#### [Task statement]
Leaving out only the pictures, write out all the entries exactly.

#### [Record extracts]
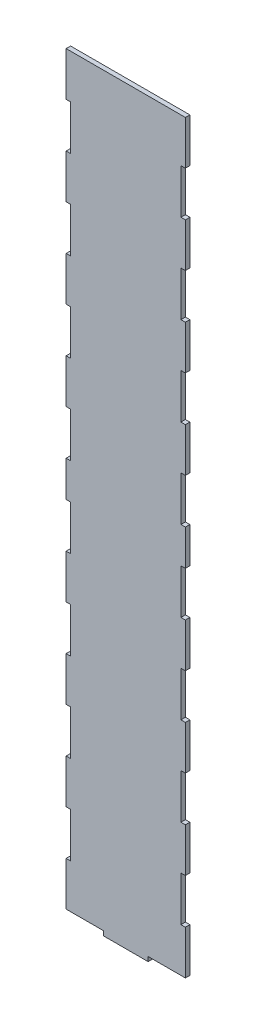
SolidWorks part; units mm, degrees
ref_plane "Plano frontal" through (0, 0, 0) normal (0, 0, 1) x (1, 0, 0)
ref_plane "Plano superior" through (0, 0, 0) normal (0, 1, 0) x (1, 0, 0)
ref_plane "Plano direito" through (0, 0, 0) normal (1, 0, 0) x (0, 0, -1)
sketch "Esboço1" plane through (0, 0, 0) normal (0, 0, 1) x (1, 0, 0)
  line L0 (15, -250) -> (40, -250)
  line L1 (-40, -250) -> (-15, -250)
  line L2 (-40, -250) -> (-40, 250)
  line L3 (-40, 250) -> (40, 250)
  line L4 (40, -250) -> (40, 250)
  line L5 (-40, -250) -> (40, 250) construction
  line L6 (-40, 250) -> (40, -250) construction
  line L8 (-15, -250) -> (-15, -253)
  line L9 (-15, -253) -> (15, -253)
  line L10 (15, -250) -> (15, -253)
  point P0 (0, 0)
  dimension "D1" = 500
  dimension "D2" = 80
  dimension "D3" = 3
  dimension "D4" = 30
  dimension "D5" = 25
extrude "Ressalto-extrusão1" add sketch "Esboço1" along normal blind 3
sketch "Esboço2" plane through (0, 0, 3) normal (0, 0, 1) x (1, 0, 0)
  line L0 (-40, 0) -> (40, 0) construction
  line L5 (-40, 250) -> (-40, -250) construction
  line L6 (-40, 220.5) -> (-37, 220.5)
  line L7 (-40, 220.5) -> (-40, 190.5)
  line L8 (-40, 190.5) -> (-37, 190.5)
  line L9 (-37, 220.5) -> (-37, 190.5)
  line L10 (40, 250) -> (-40, 250) construction
  line L11 (-40, 101.5) -> (-37, 101.5)
  line L12 (-40, 161) -> (-37, 161)
  line L13 (-40, 161) -> (-40, 131)
  line L14 (-40, 131) -> (-37, 131)
  line L15 (-37, 161) -> (-37, 131)
  line L16 (-40, 101.5) -> (-40, 71.5)
  line L17 (-40, 71.5) -> (-37, 71.5)
  line L18 (-37, 101.5) -> (-37, 71.5)
  line L19 (-40, 42) -> (-37, 42)
  line L20 (-40, 42) -> (-40, 12)
  line L21 (-40, 12) -> (-37, 12)
  line L22 (-37, 42) -> (-37, 12)
  line L23 (40, -250) -> (40, 250) construction
  line L24 (-40, -190.5) -> (-37, -190.5)
  line L25 (-37, -220.5) -> (-37, -190.5)
  line L26 (-40, -220.5) -> (-37, -220.5)
  line L27 (-40, -220.5) -> (-40, -190.5)
  line L28 (-40, -131) -> (-37, -131)
  line L29 (-37, -161) -> (-37, -131)
  line L30 (-40, -161) -> (-37, -161)
  line L31 (-40, -161) -> (-40, -131)
  line L32 (-40, -71.5) -> (-37, -71.5)
  line L33 (-37, -101.5) -> (-37, -71.5)
  line L34 (-40, -101.5) -> (-37, -101.5)
  line L35 (-40, -101.5) -> (-40, -71.5)
  line L36 (-40, -12) -> (-37, -12)
  line L37 (-37, -42) -> (-37, -12)
  line L38 (-40, -42) -> (-37, -42)
  line L39 (-40, -42) -> (-40, -12)
  line L40 (0, -253) -> (0, 250) construction
  line L42 (40, -220.5) -> (40, -190.5)
  line L43 (40, -220.5) -> (37, -220.5)
  line L44 (37, -220.5) -> (37, -190.5)
  line L45 (40, -190.5) -> (37, -190.5)
  line L46 (40, -161) -> (40, -131)
  line L47 (40, -161) -> (37, -161)
  line L48 (37, -161) -> (37, -131)
  line L49 (40, -131) -> (37, -131)
  line L50 (40, -101.5) -> (40, -71.5)
  line L51 (40, -101.5) -> (37, -101.5)
  line L52 (37, -101.5) -> (37, -71.5)
  line L53 (40, -71.5) -> (37, -71.5)
  line L54 (40, -42) -> (40, -12)
  line L55 (40, -42) -> (37, -42)
  line L56 (37, -42) -> (37, -12)
  line L57 (40, -12) -> (37, -12)
  line L58 (40, 12) -> (37, 12)
  line L59 (37, 42) -> (37, 12)
  line L60 (40, 42) -> (37, 42)
  line L61 (40, 42) -> (40, 12)
  line L62 (40, 71.5) -> (37, 71.5)
  line L63 (37, 101.5) -> (37, 71.5)
  line L64 (40, 101.5) -> (37, 101.5)
  line L65 (40, 101.5) -> (40, 71.5)
  line L66 (40, 131) -> (37, 131)
  line L67 (37, 161) -> (37, 131)
  line L68 (40, 161) -> (37, 161)
  line L69 (40, 161) -> (40, 131)
  line L70 (40, 190.5) -> (37, 190.5)
  line L71 (37, 220.5) -> (37, 190.5)
  line L72 (40, 220.5) -> (37, 220.5)
  line L73 (40, 220.5) -> (40, 190.5)
  line L74 (-15, -253) -> (15, -253) construction
  point P12 (-38.5, 190.5)
  dimension "D1" = 3
  dimension "D2" = 30
  dimension "D3" = 29.5
  dimension "D4" = 3
  dimension "D5" = 30
  dimension "D6" = 29.5
  dimension "D7" = 3
  dimension "D8" = 30
  dimension "D9" = 29.5
  dimension "D10" = 3
  dimension "D11" = 29.5
  dimension "D12" = 30
extrude "Corte-extrusão1" cut sketch "Esboço2" against normal through all

#### [Response below]
SolidWorks part; units mm, degrees
ref_plane "Plano frontal" through (0, 0, 0) normal (0, 0, 1) x (1, 0, 0)
ref_plane "Plano superior" through (0, 0, 0) normal (0, 1, 0) x (1, 0, 0)
ref_plane "Plano direito" through (0, 0, 0) normal (1, 0, 0) x (0, 0, -1)
sketch "Esboço1" plane through (0, 0, 0) normal (0, 0, 1) x (1, 0, 0)
  line L0 (15, -250) -> (40, -250)
  line L1 (-40, -250) -> (-15, -250)
  line L2 (-40, -250) -> (-40, 250)
  line L3 (-40, 250) -> (40, 250)
  line L4 (40, -250) -> (40, 250)
  line L5 (-40, -250) -> (40, 250) construction
  line L6 (-40, 250) -> (40, -250) construction
  line L8 (-15, -250) -> (-15, -253)
  line L9 (-15, -253) -> (15, -253)
  line L10 (15, -250) -> (15, -253)
  point P0 (0, 0)
  dimension "D1" = 500
  dimension "D2" = 80
  dimension "D3" = 3
  dimension "D4" = 30
  dimension "D5" = 25
extrude "Ressalto-extrusão1" add sketch "Esboço1" along normal blind 3
sketch "Esboço2" plane through (0, 0, 3) normal (0, 0, 1) x (1, 0, 0)
  line L0 (-40, 0) -> (40, 0) construction
  line L5 (-40, 250) -> (-40, -250) construction
  line L6 (-40, 220.5) -> (-37, 220.5)
  line L7 (-40, 220.5) -> (-40, 190.5)
  line L8 (-40, 190.5) -> (-37, 190.5)
  line L9 (-37, 220.5) -> (-37, 190.5)
  line L10 (40, 250) -> (-40, 250) construction
  line L11 (-40, 101.5) -> (-37, 101.5)
  line L12 (-40, 161) -> (-37, 161)
  line L13 (-40, 161) -> (-40, 131)
  line L14 (-40, 131) -> (-37, 131)
  line L15 (-37, 161) -> (-37, 131)
  line L16 (-40, 101.5) -> (-40, 71.5)
  line L17 (-40, 71.5) -> (-37, 71.5)
  line L18 (-37, 101.5) -> (-37, 71.5)
  line L19 (-40, 42) -> (-37, 42)
  line L20 (-40, 42) -> (-40, 12)
  line L21 (-40, 12) -> (-37, 12)
  line L22 (-37, 42) -> (-37, 12)
  line L23 (40, -250) -> (40, 250) construction
  line L24 (-40, -190.5) -> (-37, -190.5)
  line L25 (-37, -220.5) -> (-37, -190.5)
  line L26 (-40, -220.5) -> (-37, -220.5)
  line L27 (-40, -220.5) -> (-40, -190.5)
  line L28 (-40, -131) -> (-37, -131)
  line L29 (-37, -161) -> (-37, -131)
  line L30 (-40, -161) -> (-37, -161)
  line L31 (-40, -161) -> (-40, -131)
  line L32 (-40, -71.5) -> (-37, -71.5)
  line L33 (-37, -101.5) -> (-37, -71.5)
  line L34 (-40, -101.5) -> (-37, -101.5)
  line L35 (-40, -101.5) -> (-40, -71.5)
  line L36 (-40, -12) -> (-37, -12)
  line L37 (-37, -42) -> (-37, -12)
  line L38 (-40, -42) -> (-37, -42)
  line L39 (-40, -42) -> (-40, -12)
  line L40 (0, -253) -> (0, 250) construction
  line L42 (40, -220.5) -> (40, -190.5)
  line L43 (40, -220.5) -> (37, -220.5)
  line L44 (37, -220.5) -> (37, -190.5)
  line L45 (40, -190.5) -> (37, -190.5)
  line L46 (40, -161) -> (40, -131)
  line L47 (40, -161) -> (37, -161)
  line L48 (37, -161) -> (37, -131)
  line L49 (40, -131) -> (37, -131)
  line L50 (40, -101.5) -> (40, -71.5)
  line L51 (40, -101.5) -> (37, -101.5)
  line L52 (37, -101.5) -> (37, -71.5)
  line L53 (40, -71.5) -> (37, -71.5)
  line L54 (40, -42) -> (40, -12)
  line L55 (40, -42) -> (37, -42)
  line L56 (37, -42) -> (37, -12)
  line L57 (40, -12) -> (37, -12)
  line L58 (40, 12) -> (37, 12)
  line L59 (37, 42) -> (37, 12)
  line L60 (40, 42) -> (37, 42)
  line L61 (40, 42) -> (40, 12)
  line L62 (40, 71.5) -> (37, 71.5)
  line L63 (37, 101.5) -> (37, 71.5)
  line L64 (40, 101.5) -> (37, 101.5)
  line L65 (40, 101.5) -> (40, 71.5)
  line L66 (40, 131) -> (37, 131)
  line L67 (37, 161) -> (37, 131)
  line L68 (40, 161) -> (37, 161)
  line L69 (40, 161) -> (40, 131)
  line L70 (40, 190.5) -> (37, 190.5)
  line L71 (37, 220.5) -> (37, 190.5)
  line L72 (40, 220.5) -> (37, 220.5)
  line L73 (40, 220.5) -> (40, 190.5)
  line L74 (-15, -253) -> (15, -253) construction
  point P12 (-38.5, 190.5)
  dimension "D1" = 3
  dimension "D2" = 30
  dimension "D3" = 29.5
  dimension "D4" = 3
  dimension "D5" = 30
  dimension "D6" = 29.5
  dimension "D7" = 3
  dimension "D8" = 30
  dimension "D9" = 29.5
  dimension "D10" = 3
  dimension "D11" = 29.5
  dimension "D12" = 30
extrude "Corte-extrusão1" cut sketch "Esboço2" against normal through all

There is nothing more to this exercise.